Work request:
Write out nothing except the lines running from the one containing "#209=VERTEX_POINT('',#208);" to the last line of the data, exactly as they stand.

Task material:
------

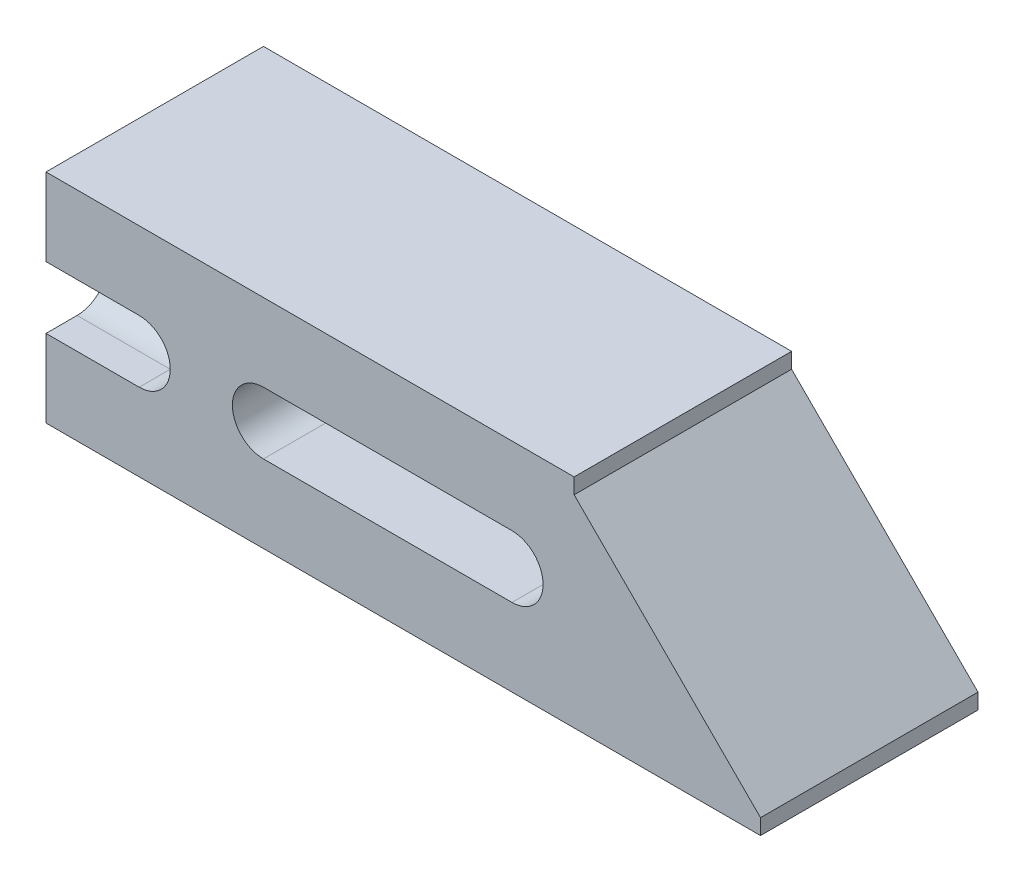
ISO-10303-21;
HEADER;
FILE_DESCRIPTION(('STEP AP214'),'2;1');
FILE_NAME('part.step','',(''),(''),'','','');
FILE_SCHEMA(('AUTOMOTIVE_DESIGN { 1 0 10303 214 1 1 1 1 }'));
ENDSEC;
DATA;
#1=APPLICATION_CONTEXT('core data for automotive mechanical design processes');
#2=APPLICATION_PROTOCOL_DEFINITION('international standard','automotive_design',2000,#1);
#3=PRODUCT_CONTEXT('',#1,'mechanical');
#4=PRODUCT('Part','Part','',(#3));
#5=PRODUCT_RELATED_PRODUCT_CATEGORY('part','',(#4));
#6=PRODUCT_DEFINITION_FORMATION('','',#4);
#7=PRODUCT_DEFINITION_CONTEXT('part definition',#1,'design');
#8=PRODUCT_DEFINITION('design','',#6,#7);
#9=PRODUCT_DEFINITION_SHAPE('','',#8);
#10=(LENGTH_UNIT() NAMED_UNIT(*) SI_UNIT(.MILLI.,.METRE.));
#11=(NAMED_UNIT(*) PLANE_ANGLE_UNIT() SI_UNIT($,.RADIAN.));
#12=(NAMED_UNIT(*) SI_UNIT($,.STERADIAN.) SOLID_ANGLE_UNIT());
#13=UNCERTAINTY_MEASURE_WITH_UNIT(LENGTH_MEASURE(1.E-05),#10,'distance_accuracy_value','');
#14=(GEOMETRIC_REPRESENTATION_CONTEXT(3) GLOBAL_UNCERTAINTY_ASSIGNED_CONTEXT((#13)) GLOBAL_UNIT_ASSIGNED_CONTEXT((#10,
#11,#12)) REPRESENTATION_CONTEXT('',''));
#15=CARTESIAN_POINT('',(0.,0.,0.));
#16=DIRECTION('',(0.,0.,1.));
#17=DIRECTION('',(1.,0.,0.));
#18=AXIS2_PLACEMENT_3D('',#15,#16,#17);
#19=CARTESIAN_POINT('',(9.525,11.1125,-6.98500000000001));
#20=DIRECTION('',(0.,0.,1.));
#21=DIRECTION('',(1.,0.,0.));
#22=AXIS2_PLACEMENT_3D('',#19,#20,#21);
#23=CYLINDRICAL_SURFACE('',#22,3.175);
#24=DIRECTION('',(0.,0.,1.));
#25=VECTOR('',#24,1.);
#26=CARTESIAN_POINT('',(9.525,7.93749999999999,-6.98500000000001));
#27=LINE('',#26,#25);
#28=CARTESIAN_POINT('',(9.525,7.9375,19.05));
#29=VERTEX_POINT('',#28);
#30=CARTESIAN_POINT('',(9.52500000000001,7.9375,22.225));
#31=VERTEX_POINT('',#30);
#32=EDGE_CURVE('E183',#29,#31,#27,.T.);
#33=ORIENTED_EDGE('',*,*,#32,.T.);
#34=CARTESIAN_POINT('',(9.525,11.1125,22.225));
#35=DIRECTION('',(0.,0.,1.));
#36=DIRECTION('',(1.,0.,0.));
#37=AXIS2_PLACEMENT_3D('',#34,#35,#36);
#38=CIRCLE('',#37,3.175);
#39=CARTESIAN_POINT('',(9.525,14.2875,22.225));
#40=VERTEX_POINT('',#39);
#41=EDGE_CURVE('E177',#31,#40,#38,.T.);
#42=ORIENTED_EDGE('',*,*,#41,.T.);
#43=DIRECTION('',(0.,0.,1.));
#44=VECTOR('',#43,1.);
#45=CARTESIAN_POINT('',(9.525,14.2875,-6.98500000000002));
#46=LINE('',#45,#44);
#47=CARTESIAN_POINT('',(9.525,14.2875,19.05));
#48=VERTEX_POINT('',#47);
#49=EDGE_CURVE('E193',#48,#40,#46,.T.);
#50=ORIENTED_EDGE('',*,*,#49,.F.);
#51=CARTESIAN_POINT('',(9.525,11.1125,19.05));
#52=DIRECTION('',(-0.707106781186547,0.,0.707106781186547));
#53=DIRECTION('',(-0.707106781186547,0.,-0.707106781186547));
#54=AXIS2_PLACEMENT_3D('',#51,#52,#53);
#55=ELLIPSE('',#54,4.49012806053458,3.175);
#56=EDGE_CURVE('E191',#29,#48,#55,.F.);
#57=ORIENTED_EDGE('',*,*,#56,.F.);
#58=EDGE_LOOP('',(#33,#42,#50,#57));
#59=FACE_BOUND('',#58,.T.);
#60=DIRECTION('',(0.,0.,1.));
#61=VECTOR('',#60,1.);
#62=CARTESIAN_POINT('',(9.525,7.9375,-6.98500000000001));
#63=LINE('',#62,#61);
#64=CARTESIAN_POINT('',(9.525,7.9375,0.));
#65=VERTEX_POINT('',#64);
#66=CARTESIAN_POINT('',(9.52500000000001,7.9375,3.175));
#67=VERTEX_POINT('',#66);
#68=EDGE_CURVE('E164',#65,#67,#63,.T.);
#69=ORIENTED_EDGE('',*,*,#68,.T.);
#70=CARTESIAN_POINT('',(9.525,11.1125,3.175));
#71=DIRECTION('',(-0.707106781186547,0.,-0.707106781186547));
#72=DIRECTION('',(-0.707106781186547,0.,0.707106781186547));
#73=AXIS2_PLACEMENT_3D('',#70,#71,#72);
#74=ELLIPSE('',#73,4.49012806053458,3.175);
#75=CARTESIAN_POINT('',(9.525,14.2875,3.175));
#76=VERTEX_POINT('',#75);
#77=EDGE_CURVE('E174',#76,#67,#74,.F.);
#78=ORIENTED_EDGE('',*,*,#77,.F.);
#79=DIRECTION('',(0.,0.,1.));
#80=VECTOR('',#79,1.);
#81=CARTESIAN_POINT('',(9.525,14.2875,-6.98500000000001));
#82=LINE('',#81,#80);
#83=CARTESIAN_POINT('',(9.525,14.2875,0.));
#84=VERTEX_POINT('',#83);
#85=EDGE_CURVE('E178',#84,#76,#82,.T.);
#86=ORIENTED_EDGE('',*,*,#85,.F.);
#87=CARTESIAN_POINT('',(9.525,11.1125,0.));
#88=DIRECTION('',(0.,0.,-1.));
#89=DIRECTION('',(-1.,0.,0.));
#90=AXIS2_PLACEMENT_3D('',#87,#88,#89);
#91=CIRCLE('',#90,3.175);
#92=EDGE_CURVE('E182',#84,#65,#91,.T.);
#93=ORIENTED_EDGE('',*,*,#92,.T.);
#94=EDGE_LOOP('',(#69,#78,#86,#93));
#95=FACE_BOUND('',#94,.T.);
#96=ADVANCED_FACE('F36',(#59,#95),#23,.F.);
#97=CARTESIAN_POINT('',(73.025,0.,22.225));
#98=DIRECTION('',(0.,1.,0.));
#99=DIRECTION('',(-1.,0.,0.));
#100=AXIS2_PLACEMENT_3D('',#97,#98,#99);
#101=PLANE('',#100);
#102=DIRECTION('',(1.,0.,0.));
#103=VECTOR('',#102,1.);
#104=CARTESIAN_POINT('',(73.025,0.,0.));
#105=LINE('',#104,#103);
#106=CARTESIAN_POINT('',(0.,0.,0.));
#107=VERTEX_POINT('',#106);
#108=CARTESIAN_POINT('',(73.025,0.,0.));
#109=VERTEX_POINT('',#108);
#110=EDGE_CURVE('E248',#107,#109,#105,.T.);
#111=ORIENTED_EDGE('',*,*,#110,.T.);
#112=DIRECTION('',(0.,0.,-1.));
#113=VECTOR('',#112,1.);
#114=CARTESIAN_POINT('',(73.025,0.,22.225));
#115=LINE('',#114,#113);
#116=CARTESIAN_POINT('',(73.025,0.,22.225));
#117=VERTEX_POINT('',#116);
#118=EDGE_CURVE('E276',#117,#109,#115,.T.);
#119=ORIENTED_EDGE('',*,*,#118,.F.);
#120=DIRECTION('',(1.,0.,0.));
#121=VECTOR('',#120,1.);
#122=CARTESIAN_POINT('',(73.025,0.,22.225));
#123=LINE('',#122,#121);
#124=CARTESIAN_POINT('',(0.,0.,22.225));
#125=VERTEX_POINT('',#124);
#126=EDGE_CURVE('E231',#125,#117,#123,.T.);
#127=ORIENTED_EDGE('',*,*,#126,.F.);
#128=DIRECTION('',(0.,0.,-1.));
#129=VECTOR('',#128,1.);
#130=CARTESIAN_POINT('',(0.,0.,22.225));
#131=LINE('',#130,#129);
#132=EDGE_CURVE('E247',#125,#107,#131,.T.);
#133=ORIENTED_EDGE('',*,*,#132,.T.);
#134=EDGE_LOOP('',(#111,#119,#127,#133));
#135=FACE_BOUND('',#134,.T.);
#136=ADVANCED_FACE('F38',(#135),#101,.F.);
#137=CARTESIAN_POINT('',(73.025,1.5875,22.225));
#138=DIRECTION('',(-1.,0.,0.));
#139=DIRECTION('',(0.,0.,1.));
#140=AXIS2_PLACEMENT_3D('',#137,#138,#139);
#141=PLANE('',#140);
#142=DIRECTION('',(0.,1.,0.));
#143=VECTOR('',#142,1.);
#144=CARTESIAN_POINT('',(73.025,1.5875,0.));
#145=LINE('',#144,#143);
#146=CARTESIAN_POINT('',(73.025,1.5875,0.));
#147=VERTEX_POINT('',#146);
#148=EDGE_CURVE('E251',#109,#147,#145,.T.);
#149=ORIENTED_EDGE('',*,*,#148,.T.);
#150=DIRECTION('',(0.,0.,-1.));
#151=VECTOR('',#150,1.);
#152=CARTESIAN_POINT('',(73.025,1.5875,22.225));
#153=LINE('',#152,#151);
#154=CARTESIAN_POINT('',(73.025,1.5875,22.225));
#155=VERTEX_POINT('',#154);
#156=EDGE_CURVE('E273',#155,#147,#153,.T.);
#157=ORIENTED_EDGE('',*,*,#156,.F.);
#158=DIRECTION('',(0.,1.,0.));
#159=VECTOR('',#158,1.);
#160=CARTESIAN_POINT('',(73.025,1.5875,22.225));
#161=LINE('',#160,#159);
#162=EDGE_CURVE('E234',#117,#155,#161,.T.);
#163=ORIENTED_EDGE('',*,*,#162,.F.);
#164=ORIENTED_EDGE('',*,*,#118,.T.);
#165=EDGE_LOOP('',(#149,#157,#163,#164));
#166=FACE_BOUND('',#165,.T.);
#167=ADVANCED_FACE('F326',(#166),#141,.F.);
#168=CARTESIAN_POINT('',(53.975,20.6374999999998,22.225));
#169=DIRECTION('',(-0.707106781186543,-0.707106781186552,0.));
#170=DIRECTION('',(0.707106781186552,-0.707106781186543,0.));
#171=AXIS2_PLACEMENT_3D('',#168,#169,#170);
#172=PLANE('',#171);
#173=DIRECTION('',(-0.707106781186552,0.707106781186543,0.));
#174=VECTOR('',#173,1.);
#175=CARTESIAN_POINT('',(53.975,20.6374999999998,0.));
#176=LINE('',#175,#174);
#177=CARTESIAN_POINT('',(53.975,20.6374999999998,0.));
#178=VERTEX_POINT('',#177);
#179=EDGE_CURVE('E253',#147,#178,#176,.T.);
#180=ORIENTED_EDGE('',*,*,#179,.T.);
#181=DIRECTION('',(0.,0.,-1.));
#182=VECTOR('',#181,1.);
#183=CARTESIAN_POINT('',(53.975,20.6374999999998,22.225));
#184=LINE('',#183,#182);
#185=CARTESIAN_POINT('',(53.975,20.6374999999998,22.225));
#186=VERTEX_POINT('',#185);
#187=EDGE_CURVE('E270',#186,#178,#184,.T.);
#188=ORIENTED_EDGE('',*,*,#187,.F.);
#189=DIRECTION('',(-0.707106781186552,0.707106781186543,0.));
#190=VECTOR('',#189,1.);
#191=CARTESIAN_POINT('',(53.975,20.6374999999998,22.225));
#192=LINE('',#191,#190);
#193=EDGE_CURVE('E237',#155,#186,#192,.T.);
#194=ORIENTED_EDGE('',*,*,#193,.F.);
#195=ORIENTED_EDGE('',*,*,#156,.T.);
#196=EDGE_LOOP('',(#180,#188,#194,#195));
#197=FACE_BOUND('',#196,.T.);
#198=ADVANCED_FACE('F345',(#197),#172,.F.);
#199=CARTESIAN_POINT('',(53.975,22.225,22.225));
#200=DIRECTION('',(-1.,0.,0.));
#201=DIRECTION('',(0.,0.,1.));
#202=AXIS2_PLACEMENT_3D('',#199,#200,#201);
#203=PLANE('',#202);
#204=DIRECTION('',(0.,1.,0.));
#205=VECTOR('',#204,1.);
#206=CARTESIAN_POINT('',(53.975,22.225,0.));
#207=LINE('',#206,#205);
#208=CARTESIAN_POINT('',(53.975,22.225,0.));
#209=VERTEX_POINT('',#208);
#210=EDGE_CURVE('E255',#178,#209,#207,.T.);
#211=ORIENTED_EDGE('',*,*,#210,.T.);
#212=DIRECTION('',(0.,0.,-1.));
#213=VECTOR('',#212,1.);
#214=CARTESIAN_POINT('',(53.975,22.225,22.225));
#215=LINE('',#214,#213);
#216=CARTESIAN_POINT('',(53.975,22.225,22.225));
#217=VERTEX_POINT('',#216);
#218=EDGE_CURVE('E267',#217,#209,#215,.T.);
#219=ORIENTED_EDGE('',*,*,#218,.F.);
#220=DIRECTION('',(0.,1.,0.));
#221=VECTOR('',#220,1.);
#222=CARTESIAN_POINT('',(53.975,22.225,22.225));
#223=LINE('',#222,#221);
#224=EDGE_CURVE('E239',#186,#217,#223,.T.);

------

Response box:
#209=VERTEX_POINT('',#208);
#210=EDGE_CURVE('E255',#178,#209,#207,.T.);
#211=ORIENTED_EDGE('',*,*,#210,.T.);
#212=DIRECTION('',(0.,0.,-1.));
#213=VECTOR('',#212,1.);
#214=CARTESIAN_POINT('',(53.975,22.225,22.225));
#215=LINE('',#214,#213);
#216=CARTESIAN_POINT('',(53.975,22.225,22.225));
#217=VERTEX_POINT('',#216);
#218=EDGE_CURVE('E267',#217,#209,#215,.T.);
#219=ORIENTED_EDGE('',*,*,#218,.F.);
#220=DIRECTION('',(0.,1.,0.));
#221=VECTOR('',#220,1.);
#222=CARTESIAN_POINT('',(53.975,22.225,22.225));
#223=LINE('',#222,#221);
#224=EDGE_CURVE('E239',#186,#217,#223,.T.);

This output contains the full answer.